[Exercise materials]

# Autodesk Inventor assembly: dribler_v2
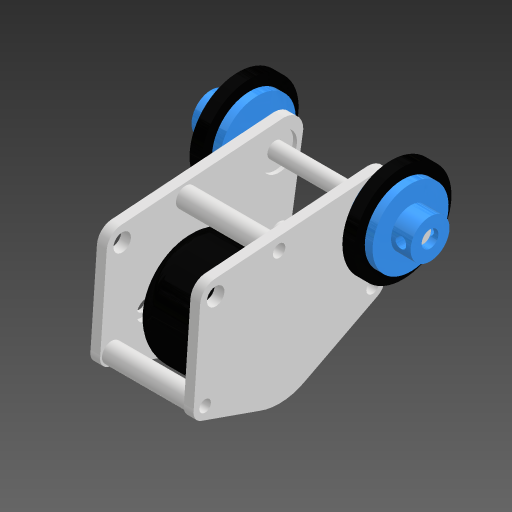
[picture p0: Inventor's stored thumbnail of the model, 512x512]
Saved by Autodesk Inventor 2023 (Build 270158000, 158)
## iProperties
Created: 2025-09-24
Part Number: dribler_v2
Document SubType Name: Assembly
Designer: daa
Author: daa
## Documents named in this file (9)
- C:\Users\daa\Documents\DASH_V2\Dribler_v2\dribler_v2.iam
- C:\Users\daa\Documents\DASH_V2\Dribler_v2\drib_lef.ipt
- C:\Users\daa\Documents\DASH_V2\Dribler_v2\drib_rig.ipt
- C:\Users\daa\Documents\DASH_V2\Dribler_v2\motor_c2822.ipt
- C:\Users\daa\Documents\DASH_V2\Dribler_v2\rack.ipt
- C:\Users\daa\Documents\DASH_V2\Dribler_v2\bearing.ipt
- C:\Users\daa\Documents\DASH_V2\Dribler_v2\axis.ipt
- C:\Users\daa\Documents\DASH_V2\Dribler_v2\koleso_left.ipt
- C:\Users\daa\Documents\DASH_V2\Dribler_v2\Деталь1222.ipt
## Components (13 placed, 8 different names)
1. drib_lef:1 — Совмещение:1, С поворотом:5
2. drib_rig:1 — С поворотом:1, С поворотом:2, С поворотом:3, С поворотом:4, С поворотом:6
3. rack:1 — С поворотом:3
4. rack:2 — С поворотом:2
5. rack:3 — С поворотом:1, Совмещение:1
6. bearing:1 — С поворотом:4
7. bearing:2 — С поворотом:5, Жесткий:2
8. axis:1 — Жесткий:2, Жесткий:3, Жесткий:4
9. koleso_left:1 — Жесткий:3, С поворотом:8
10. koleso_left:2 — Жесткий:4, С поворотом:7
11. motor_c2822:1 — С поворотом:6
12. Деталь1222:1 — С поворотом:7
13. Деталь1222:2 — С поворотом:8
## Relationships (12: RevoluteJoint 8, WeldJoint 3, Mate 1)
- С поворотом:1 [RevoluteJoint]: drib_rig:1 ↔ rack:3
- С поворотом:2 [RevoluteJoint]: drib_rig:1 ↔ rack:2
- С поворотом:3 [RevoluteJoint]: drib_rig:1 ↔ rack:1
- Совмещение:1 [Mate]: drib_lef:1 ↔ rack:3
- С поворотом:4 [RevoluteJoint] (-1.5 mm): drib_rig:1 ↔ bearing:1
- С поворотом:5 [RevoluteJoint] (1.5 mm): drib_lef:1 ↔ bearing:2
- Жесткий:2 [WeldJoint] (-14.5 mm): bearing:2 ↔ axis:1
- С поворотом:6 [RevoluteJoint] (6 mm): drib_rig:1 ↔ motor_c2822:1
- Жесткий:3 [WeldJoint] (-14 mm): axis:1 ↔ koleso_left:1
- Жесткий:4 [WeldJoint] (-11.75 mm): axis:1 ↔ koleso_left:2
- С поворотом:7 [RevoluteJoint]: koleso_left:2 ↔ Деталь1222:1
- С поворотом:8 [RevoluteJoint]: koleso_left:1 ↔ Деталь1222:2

[/Exercise materials]

Task
Output the data above in full. Skip every picture.

Result of the exercise
# Autodesk Inventor assembly: dribler_v2
[picture p0: Inventor's stored thumbnail of the model, 512x512]
Saved by Autodesk Inventor 2023 (Build 270158000, 158)
## iProperties
Created: 2025-09-24
Part Number: dribler_v2
Document SubType Name: Assembly
Designer: daa
Author: daa
## Documents named in this file (9)
- C:\Users\daa\Documents\DASH_V2\Dribler_v2\dribler_v2.iam
- C:\Users\daa\Documents\DASH_V2\Dribler_v2\drib_lef.ipt
- C:\Users\daa\Documents\DASH_V2\Dribler_v2\drib_rig.ipt
- C:\Users\daa\Documents\DASH_V2\Dribler_v2\motor_c2822.ipt
- C:\Users\daa\Documents\DASH_V2\Dribler_v2\rack.ipt
- C:\Users\daa\Documents\DASH_V2\Dribler_v2\bearing.ipt
- C:\Users\daa\Documents\DASH_V2\Dribler_v2\axis.ipt
- C:\Users\daa\Documents\DASH_V2\Dribler_v2\koleso_left.ipt
- C:\Users\daa\Documents\DASH_V2\Dribler_v2\Деталь1222.ipt
## Components (13 placed, 8 different names)
1. drib_lef:1 — Совмещение:1, С поворотом:5
2. drib_rig:1 — С поворотом:1, С поворотом:2, С поворотом:3, С поворотом:4, С поворотом:6
3. rack:1 — С поворотом:3
4. rack:2 — С поворотом:2
5. rack:3 — С поворотом:1, Совмещение:1
6. bearing:1 — С поворотом:4
7. bearing:2 — С поворотом:5, Жесткий:2
8. axis:1 — Жесткий:2, Жесткий:3, Жесткий:4
9. koleso_left:1 — Жесткий:3, С поворотом:8
10. koleso_left:2 — Жесткий:4, С поворотом:7
11. motor_c2822:1 — С поворотом:6
12. Деталь1222:1 — С поворотом:7
13. Деталь1222:2 — С поворотом:8
## Relationships (12: RevoluteJoint 8, WeldJoint 3, Mate 1)
- С поворотом:1 [RevoluteJoint]: drib_rig:1 ↔ rack:3
- С поворотом:2 [RevoluteJoint]: drib_rig:1 ↔ rack:2
- С поворотом:3 [RevoluteJoint]: drib_rig:1 ↔ rack:1
- Совмещение:1 [Mate]: drib_lef:1 ↔ rack:3
- С поворотом:4 [RevoluteJoint] (-1.5 mm): drib_rig:1 ↔ bearing:1
- С поворотом:5 [RevoluteJoint] (1.5 mm): drib_lef:1 ↔ bearing:2
- Жесткий:2 [WeldJoint] (-14.5 mm): bearing:2 ↔ axis:1
- С поворотом:6 [RevoluteJoint] (6 mm): drib_rig:1 ↔ motor_c2822:1
- Жесткий:3 [WeldJoint] (-14 mm): axis:1 ↔ koleso_left:1
- Жесткий:4 [WeldJoint] (-11.75 mm): axis:1 ↔ koleso_left:2
- С поворотом:7 [RevoluteJoint]: koleso_left:2 ↔ Деталь1222:1
- С поворотом:8 [RevoluteJoint]: koleso_left:1 ↔ Деталь1222:2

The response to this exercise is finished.